*Spoilers for season 3 of The Good Place and season 4 of Crazy Ex Girlfriend ahead, as well as for year 40 of my life.
Last year I turned 40. Last week I got my first (and only?) tattoo. In two days I’ll get my first and definitely only hysterectomy.
It’s a time of change, as all times are, I guess. But I feel in a way like I’m at an (almost?) mid-life peak from which I can see all that’s come before and all that’s (maybe, perhaps) expected to come after.
Needing this hysterectomy right now, at this year, feels like an illustration that’s almost too on the nose (as Rebecca said in Crazy Ex Girlfriend.) Physically I’m removing something that’s also been moving on emotionally.

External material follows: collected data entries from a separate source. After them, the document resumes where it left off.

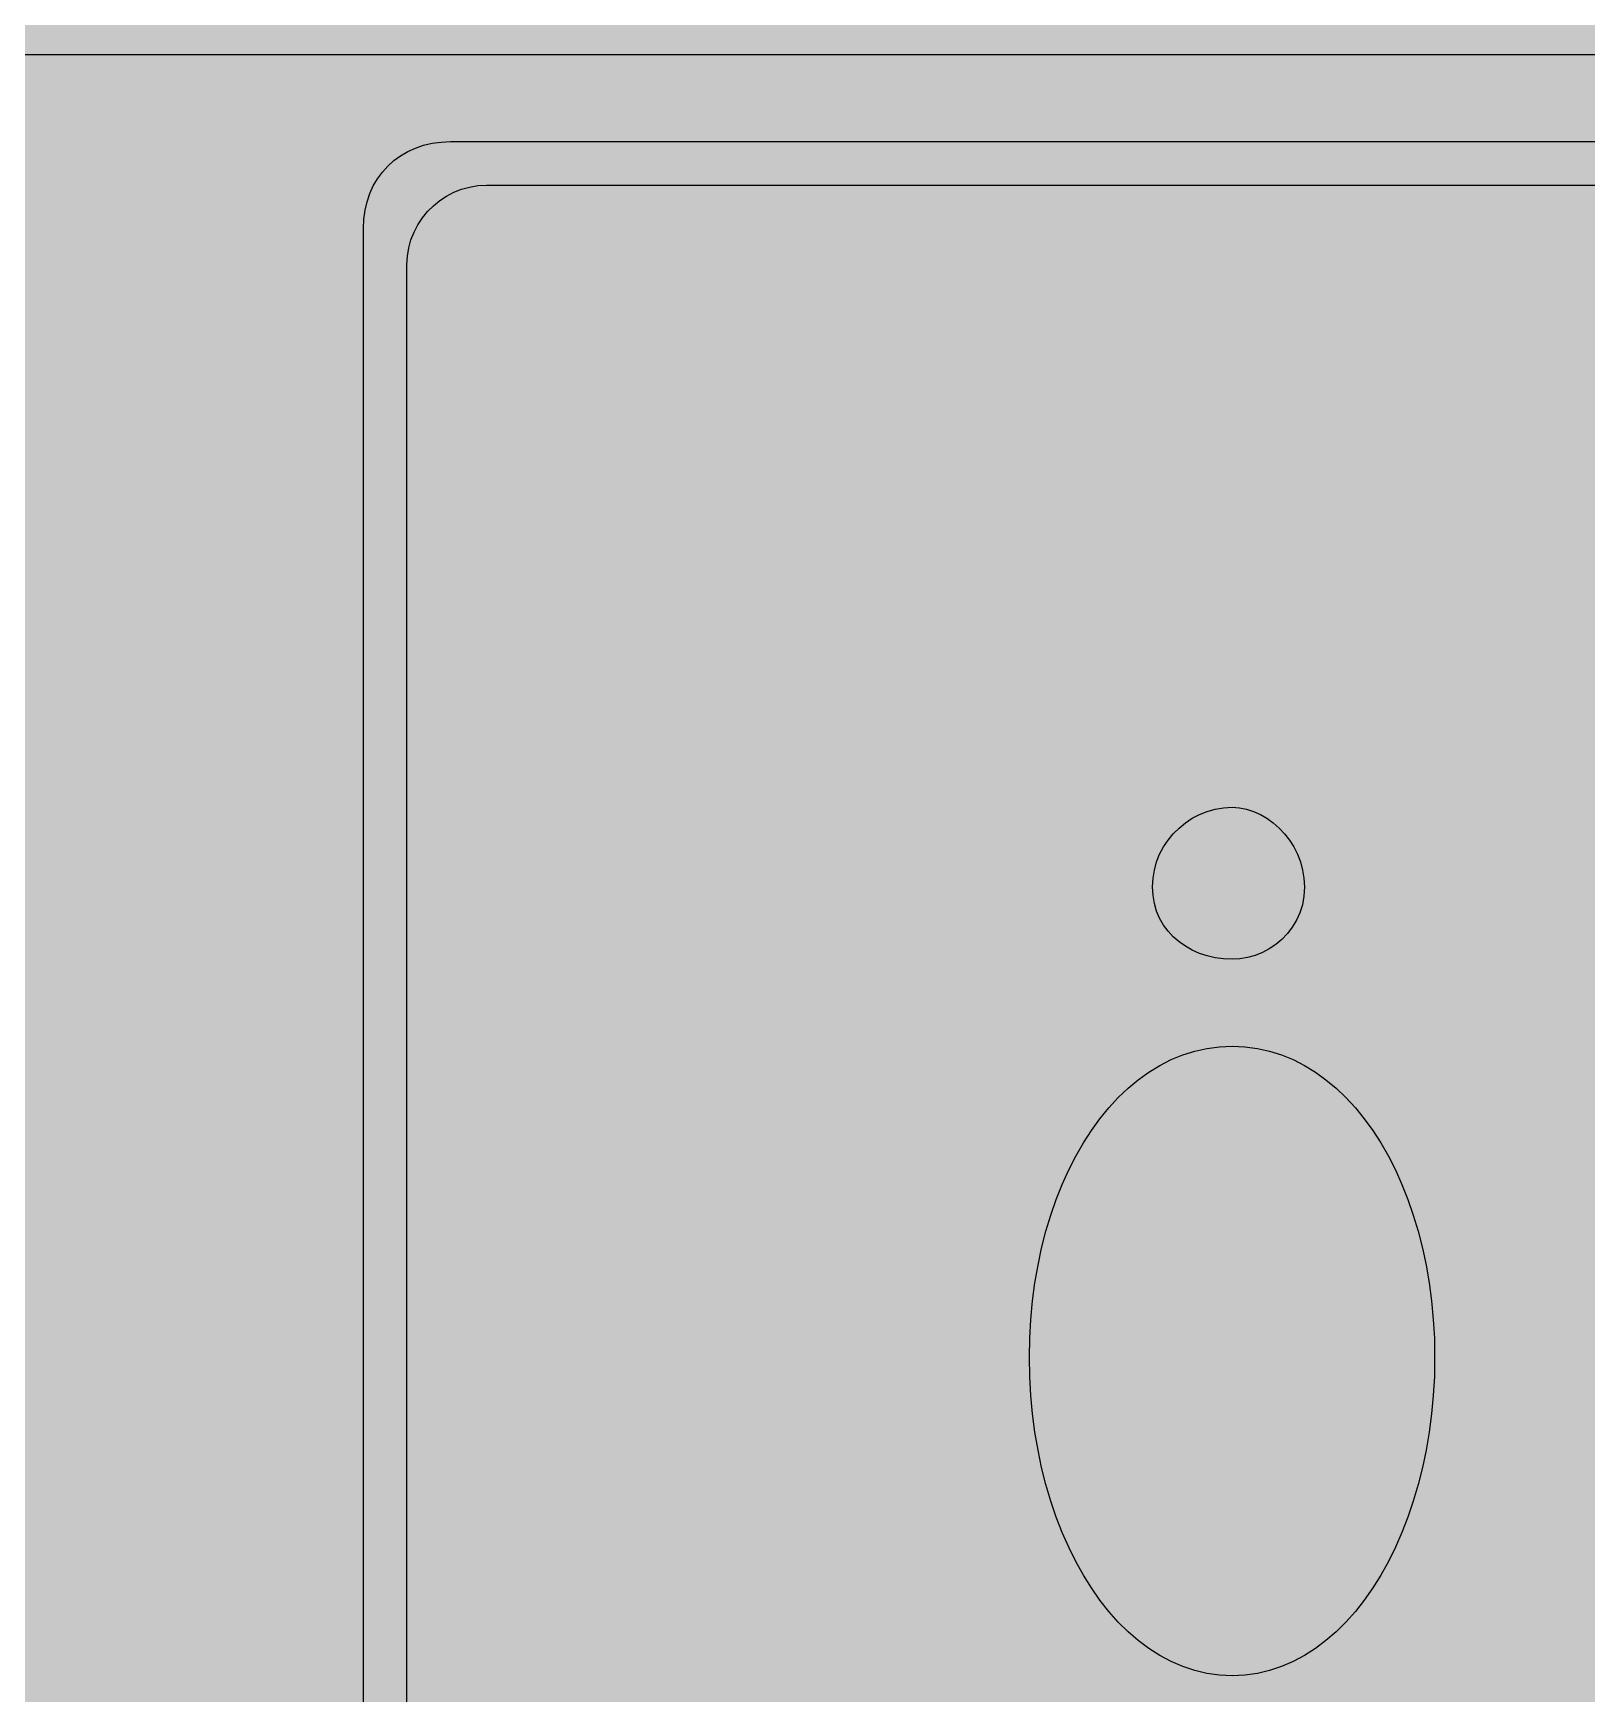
# Model space of a CAD drawing. Header units: millimetres. Extents: x 0 to 966, y -664 to 90.
# Drawn here: x 601.79 to 620.72, y -474.12 to -453.89 of the extents above; entities that cross this region are included whole.
import ezdxf

# ---------------------------------------------------------------- set-up
doc = ezdxf.new("R2010")
doc.units = ezdxf.units.MM
for name, color, linetype in [('HDL_BODY', 7, 'Continuous'), ('HDL_COLOUR', 7, 'Continuous'), ('HDL_DETAIL', 7, 'Continuous'), ('HDL_PRINT', 7, 'Continuous')]:
    doc.layers.add(name, color=color, linetype=linetype)

# ---------------------------------------------------------------- blocks, each defined once
blk = doc.blocks.new('M_DA6.10.1_FRONT')
at = {"layer": 'HDL_BODY', "true_color": 0x202126}
blk.add_hatch(color=250, dxfattribs=at).paths.add_polyline_path([(0, 0), (144, 0), (144, 90), (0, 90)])
at = {"layer": 'HDL_BODY', "true_color": 0x2a2a30}
blk.add_hatch(color=250, dxfattribs=at).paths.add_polyline_path([(0.4, 20.52), (143.6, 20.52), (143.6, 68.31), (0.4, 68.31)])
at = {"layer": 'HDL_COLOUR', "true_color": 0x222328}
for points in [[(105.817, 63.731), (105.822, 63.844), (105.837, 63.954), (105.862, 64.058), (105.896, 64.157), (105.938, 64.25), (105.989, 64.338), (106.048, 64.418), (106.115, 64.492), (106.189, 64.559), (106.269, 64.618), (106.357, 64.669), (106.45, 64.711), (106.549, 64.745), (106.653, 64.77), (106.763, 64.785), (106.877, 64.79), (139.769, 64.79), (139.873, 64.784), (139.974, 64.767), (140.072, 64.739), (140.165, 64.701), (140.254, 64.653), (140.337, 64.595), (140.414, 64.529), (140.484, 64.454), (140.547, 64.371), (140.602, 64.28), (140.649, 64.183), (140.686, 64.078), (140.713, 63.968), (140.73, 63.852), (140.736, 63.731), (140.736, 26.445), (140.73, 26.34), (140.713, 26.239), (140.686, 26.141), (140.649, 26.047), (140.602, 25.958), (140.547, 25.875), (140.484, 25.798), (140.414, 25.727), (140.337, 25.664), (140.254, 25.609), (140.165, 25.563), (140.072, 25.525), (139.974, 25.498), (139.873, 25.481), (139.769, 25.475), (106.877, 25.475), (106.755, 25.481), (106.639, 25.498), (106.529, 25.525), (106.425, 25.563), (106.327, 25.609), (106.236, 25.664), (106.153, 25.727), (106.078, 25.798), (106.012, 25.875), (105.954, 25.958), (105.906, 26.047), (105.868, 26.141), (105.84, 26.239), (105.823, 26.34), (105.817, 26.445), (105.817, 63.731)], [(106.347, 63.29), (106.353, 63.395), (106.37, 63.497), (106.397, 63.594), (106.434, 63.688), (106.481, 63.777), (106.536, 63.86), (106.599, 63.938), (106.67, 64.008), (106.747, 64.071), (106.83, 64.126), (106.919, 64.173), (107.013, 64.21), (107.111, 64.237), (107.213, 64.254), (107.317, 64.26), (139.325, 64.26), (139.43, 64.254), (139.532, 64.237), (139.63, 64.21), (139.723, 64.173), (139.812, 64.126), (139.896, 64.071), (139.973, 64.008), (140.043, 63.938), (140.107, 63.86), (140.162, 63.777), (140.208, 63.688), (140.245, 63.594), (140.273, 63.497), (140.29, 63.395), (140.295, 63.29), (140.295, 26.974), (140.29, 26.869), (140.273, 26.768), (140.245, 26.67), (140.208, 26.576), (140.162, 26.487), (140.107, 26.404), (140.043, 26.327), (139.973, 26.256), (139.896, 26.193), (139.812, 26.138), (139.723, 26.091), (139.63, 26.054), (139.532, 26.027), (139.43, 26.01), (139.325, 26.004), (107.317, 26.004), (107.213, 26.01), (107.111, 26.027), (107.013, 26.054), (106.919, 26.091), (106.83, 26.138), (106.747, 26.193), (106.67, 26.256), (106.599, 26.327), (106.536, 26.404), (106.481, 26.487), (106.434, 26.576), (106.397, 26.67), (106.37, 26.768), (106.353, 26.869), (106.347, 26.974), (106.347, 63.29)]]:
    blk.add_hatch(color=250, dxfattribs=at).paths.add_polyline_path(points)
at = {"layer": 'HDL_COLOUR', "true_color": 0x3d4a3a}
blk.add_hatch(color=79, dxfattribs=at).paths.add_polyline_path([(117.281, 55.71), (117.275, 55.599), (117.256, 55.494), (117.225, 55.396), (117.184, 55.304), (117.133, 55.219), (117.073, 55.141), (117.006, 55.071), (116.932, 55.009), (116.852, 54.956), (116.768, 54.911), (116.679, 54.876), (116.588, 54.85), (116.494, 54.835), (116.4, 54.829), (116.296, 54.834), (116.194, 54.848), (116.096, 54.87), (116.002, 54.901), (115.913, 54.94), (115.83, 54.987), (115.753, 55.041), (115.682, 55.103), (115.619, 55.171), (115.564, 55.246), (115.517, 55.328), (115.48, 55.415), (115.453, 55.508), (115.436, 55.606), (115.43, 55.71), (115.436, 55.815), (115.453, 55.916), (115.48, 56.014), (115.517, 56.108), (115.564, 56.197), (115.619, 56.28), (115.682, 56.357), (115.753, 56.428), (115.83, 56.491), (115.913, 56.546), (116.002, 56.593), (116.096, 56.63), (116.194, 56.657), (116.296, 56.674), (116.4, 56.68), (116.488, 56.674), (116.575, 56.657), (116.661, 56.63), (116.744, 56.593), (116.824, 56.546), (116.901, 56.491), (116.972, 56.428), (117.038, 56.357), (117.098, 56.28), (117.151, 56.197), (117.196, 56.108), (117.232, 56.014), (117.259, 55.916), (117.275, 55.815), (117.281, 55.71)])
at = {"layer": 'HDL_COLOUR', "true_color": 0x99a6b5}
blk.add_hatch(color=253, dxfattribs=at).paths.add_polyline_path([(118.867, 49.98), (118.863, 49.747), (118.85, 49.516), (118.829, 49.29), (118.8, 49.068), (118.763, 48.85), (118.719, 48.637), (118.667, 48.43), (118.607, 48.229), (118.541, 48.034), (118.468, 47.846), (118.389, 47.665), (118.303, 47.492), (118.211, 47.327), (118.113, 47.17), (118.01, 47.022), (117.901, 46.884), (117.786, 46.755), (117.667, 46.636), (117.543, 46.529), (117.414, 46.432), (117.281, 46.346), (117.143, 46.273), (117.002, 46.212), (116.856, 46.164), (116.708, 46.129), (116.556, 46.108), (116.4, 46.101), (116.245, 46.108), (116.093, 46.129), (115.944, 46.164), (115.799, 46.212), (115.657, 46.273), (115.52, 46.346), (115.386, 46.432), (115.257, 46.529), (115.133, 46.636), (115.013, 46.755), (114.899, 46.884), (114.79, 47.022), (114.686, 47.17), (114.588, 47.327), (114.496, 47.492), (114.41, 47.665), (114.33, 47.846), (114.257, 48.034), (114.191, 48.229), (114.131, 48.43), (114.079, 48.637), (114.035, 48.85), (113.998, 49.068), (113.968, 49.29), (113.947, 49.516), (113.934, 49.747), (113.93, 49.98), (113.934, 50.213), (113.947, 50.442), (113.968, 50.667), (113.998, 50.887), (114.035, 51.102), (114.079, 51.311), (114.131, 51.515), (114.191, 51.712), (114.257, 51.903), (114.33, 52.086), (114.41, 52.263), (114.496, 52.431), (114.588, 52.591), (114.686, 52.743), (114.79, 52.886), (114.899, 53.02), (115.013, 53.144), (115.133, 53.258), (115.257, 53.361), (115.386, 53.454), (115.52, 53.536), (115.657, 53.606), (115.799, 53.664), (115.944, 53.71), (116.093, 53.743), (116.245, 53.763), (116.4, 53.77), (116.556, 53.763), (116.708, 53.743), (116.856, 53.71), (117.002, 53.664), (117.143, 53.606), (117.281, 53.536), (117.414, 53.454), (117.543, 53.361), (117.667, 53.258), (117.786, 53.144), (117.901, 53.02), (118.01, 52.886), (118.113, 52.743), (118.211, 52.591), (118.303, 52.431), (118.389, 52.263), (118.468, 52.086), (118.541, 51.903), (118.607, 51.712), (118.667, 51.515), (118.719, 51.311), (118.763, 51.102), (118.8, 50.887), (118.829, 50.667), (118.85, 50.442), (118.863, 50.213), (118.867, 49.98)])
at = {"layer": 'HDL_PRINT', "true_color": 0xdee1e9}
for points in [[(116.222, 64.261), (116.574, 64.261), (116.574, 25.916), (116.222, 25.916), (116.222, 64.261)], [(112.874, 60.381), (112.818, 60.381), (112.757, 60.38), (112.692, 60.378), (112.624, 60.375), (112.552, 60.37), (112.478, 60.362), (112.402, 60.351), (112.325, 60.337), (112.247, 60.318), (112.168, 60.294), (112.227, 60.297), (112.285, 60.305), (112.344, 60.317), (112.402, 60.33), (112.461, 60.345), (112.519, 60.358), (112.578, 60.37), (112.636, 60.378), (112.695, 60.381), (112.85, 60.375), (113.003, 60.357), (113.152, 60.329), (113.298, 60.29), (113.44, 60.24), (113.577, 60.181), (113.71, 60.112), (113.837, 60.035), (113.959, 59.949), (114.074, 59.855), (114.183, 59.754), (114.284, 59.645), (114.378, 59.53), (114.464, 59.408), (114.542, 59.281), (114.611, 59.149), (114.67, 59.011), (114.72, 58.869), (114.759, 58.723), (114.788, 58.574), (114.805, 58.421), (114.811, 58.265), (114.805, 58.099), (114.788, 57.937), (114.759, 57.778), (114.72, 57.624), (114.67, 57.475), (114.611, 57.331), (114.542, 57.192), (114.464, 57.06), (114.378, 56.934), (114.284, 56.815), (114.183, 56.703), (114.074, 56.599), (113.959, 56.502), (113.837, 56.415), (113.71, 56.336), (113.577, 56.266), (113.44, 56.206), (113.298, 56.156), (113.152, 56.116), (113.003, 56.087), (112.85, 56.07), (112.695, 56.064), (112.557, 56.068), (112.423, 56.081), (112.292, 56.102), (112.164, 56.132), (112.039, 56.169), (111.919, 56.213), (111.802, 56.265), (111.689, 56.325), (111.58, 56.391), (111.476, 56.464), (111.376, 56.543), (111.28, 56.629), (111.19, 56.721), (111.104, 56.818), (111.023, 56.921), (110.948, 57.03), (110.878, 57.143), (110.813, 57.262), (110.755, 57.385), (110.799, 57.255), (110.852, 57.129), (110.914, 57.007), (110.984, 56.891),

My baby-making days are past, really and truly, close that door/cervix and move on. In fact, all the whirling identities I’ve tried so far are laid out in a line behind me, all the potentials in front of me. It’s dizzying and I feel like I’ve got a bit of vertigo. Crazy Ex Girlfriend illustrated this, too, in song – as it so often aptly does. In “Eleven O’Clock” Rebecca sees all her previous identities rotating around her in the form of her old outfits (they’re in the shape of a clock, why not be on the nose, after all?)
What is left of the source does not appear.